Le document d'information cité par Reuters en mai indiquait que la GHF entretenait « des relations bancaires et financières sécurisées » avec JPMorgan et la banque Truist, basée en Caroline du Nord. Un représentant de Truist Bank a déclaré qu'il ne commentait pas ses relations avec ses clients.
Distribution
La GHF fait appel à des sociétés privées américaines de sécurité et de logistique pour acheminer l'aide à Gaza, où elle opère depuis mai selon un plan de distribution jugé « fondamentalement dangereux » par les Nations unies.
Ses opérations ont été entachées de violences et de chaos, notamment des fusillades meurtrières ayant fait de nombreux morts parmi les Palestiniens près de ses sites de distribution alimentaire, gardés par les forces israéliennes, selon Reuters.

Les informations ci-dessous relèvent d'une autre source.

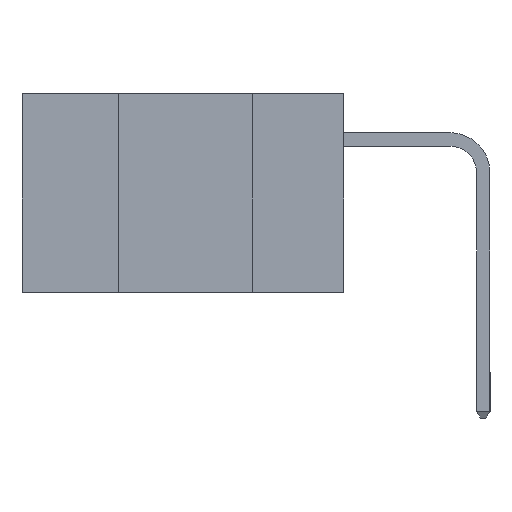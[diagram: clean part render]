
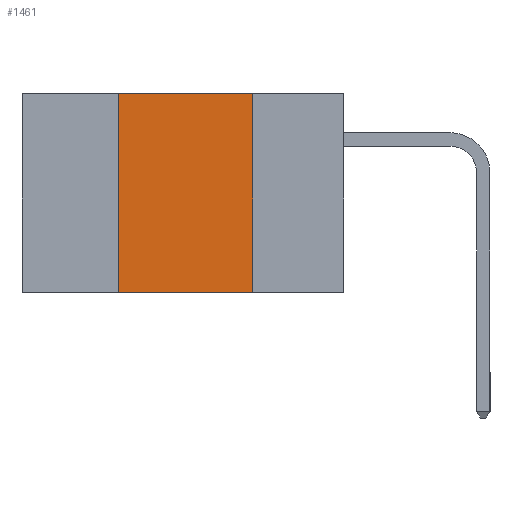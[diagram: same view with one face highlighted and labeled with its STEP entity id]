
A CAD part, left-side view. The second image highlights one B-rep face of the part: STEP entity #1461.
In plain terms, the highlighted planar face has unit normal (-1, 0, 0).
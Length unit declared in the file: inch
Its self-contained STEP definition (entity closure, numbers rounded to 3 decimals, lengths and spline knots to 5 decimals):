
#45 = CARTESIAN_POINT ( 'NONE',  ( 0., 0.6, -0.37 ) ) ;
#251 = ORIENTED_EDGE ( 'NONE', *, *, #2120, .T. ) ;
#1200 = VECTOR ( 'NONE', #10845, 39.37008 ) ;
#1461 = ADVANCED_FACE ( 'NONE', ( #7309 ), #7259, .F. ) ;
#2120 = EDGE_CURVE ( 'NONE', #10480, #8068, #8133, .T. ) ;
#2559 = VERTEX_POINT ( 'NONE', #7410 ) ;
#2720 = CARTESIAN_POINT ( 'NONE',  ( 0., 0.6, 0. ) ) ;
#2859 = EDGE_LOOP ( 'NONE', ( #4679, #8480, #10748, #251 ) ) ;
#3167 = EDGE_CURVE ( 'NONE', #10480, #2559, #11518, .T. ) ;
#3256 = EDGE_CURVE ( 'NONE', #2559, #4036, #8248, .T. ) ;
#3270 = AXIS2_PLACEMENT_3D ( 'NONE', #2720, #10099, #8090 ) ;
#3431 = CARTESIAN_POINT ( 'NONE',  ( 0., 0.42, -0.37 ) ) ;
#3493 = DIRECTION ( 'NONE',  ( 0., 0., 1. ) ) ;
#3514 = DIRECTION ( 'NONE',  ( 0., 0., -1. ) ) ;
#4036 = VERTEX_POINT ( 'NONE', #5350 ) ;
#4679 = ORIENTED_EDGE ( 'NONE', *, *, #7464, .F. ) ;
#5345 = VECTOR ( 'NONE', #10730, 39.37008 ) ;
#5350 = CARTESIAN_POINT ( 'NONE',  ( 0., 0.17, 0. ) ) ;
#5509 = CARTESIAN_POINT ( 'NONE',  ( 0., 0.17, -0.37 ) ) ;
#6955 = VECTOR ( 'NONE', #3514, 39.37008 ) ;
#7259 = PLANE ( 'NONE',  #3270 ) ;
#7309 = FACE_OUTER_BOUND ( 'NONE', #2859, .T. ) ;
#7410 = CARTESIAN_POINT ( 'NONE',  ( 0., 0.42, 0. ) ) ;
#7464 = EDGE_CURVE ( 'NONE', #4036, #8068, #8049, .T. ) ;
#7550 = CARTESIAN_POINT ( 'NONE',  ( 0., 0.17, -0.37 ) ) ;
#8049 = LINE ( 'NONE', #5509, #6955 ) ;
#8068 = VERTEX_POINT ( 'NONE', #7550 ) ;
#8090 = DIRECTION ( 'NONE',  ( 0., 0., -1. ) ) ;
#8133 = LINE ( 'NONE', #45, #1200 ) ;
#8135 = CARTESIAN_POINT ( 'NONE',  ( 0., 0.6, 0. ) ) ;
#8248 = LINE ( 'NONE', #8135, #5345 ) ;
#8480 = ORIENTED_EDGE ( 'NONE', *, *, #3256, .F. ) ;
#9301 = CARTESIAN_POINT ( 'NONE',  ( 0., 0.42, -0.37 ) ) ;
#9311 = VECTOR ( 'NONE', #3493, 39.37008 ) ;
#10099 = DIRECTION ( 'NONE',  ( 1., 0., 0. ) ) ;
#10480 = VERTEX_POINT ( 'NONE', #9301 ) ;
#10730 = DIRECTION ( 'NONE',  ( 0., -1., 0. ) ) ;
#10748 = ORIENTED_EDGE ( 'NONE', *, *, #3167, .F. ) ;
#10845 = DIRECTION ( 'NONE',  ( 0., -1., 0. ) ) ;
#11518 = LINE ( 'NONE', #3431, #9311 ) ;

L'ONU et d'autres organisations humanitaires ont refusé de collaborer avec la GHF, mettant en doute sa neutralité et critiquant ce nouveau modèle de distribution, jugé militarisé et susceptible de provoquer des déplacements de population. Jake Wood a démissionné avant le lancement officiel du 26 mai, affirmant qu'il ne pouvait pas renoncer « aux principes d'humanité, de neutralité, d'impartialité et d'indépendance ».
La GHF affirme avoir distribué de l'aide depuis ses sites sans incident et a assuré à Reuters qu'elle « adhère strictement » aux principes humanitaires.
« Le peuple palestinien de Gaza doit être nourri et la GHF est la seule organisation ayant démontré sa capacité à fournir une aide alimentaire », a déclaré un porte-parole.
Dissolution
Selon l'Autorité fédérale de surveillance des fondations (ESA) en Suisse, une fondation doit détenir un capital dans une banque suisse et au moins un membre de son conseil d'administration doit résider en Suisse.
Dans des documents datés de février, consultés par Reuters, la GHF indiquait que son entité suisse disposait d'une dotation initiale. Cependant, cette contribution n'a jamais été versée, selon un porte-parole de la fondation.
L'ESA a indiqué à Reuters que la GHF n'a jamais fourni d'informations sur un compte bancaire en Suisse ou sur un capital statutaire initial. L'ESA a engagé une procédure pour ordonner la dissolution de la branche suisse de la GHF, a rapporté Reuters le 2 juillet.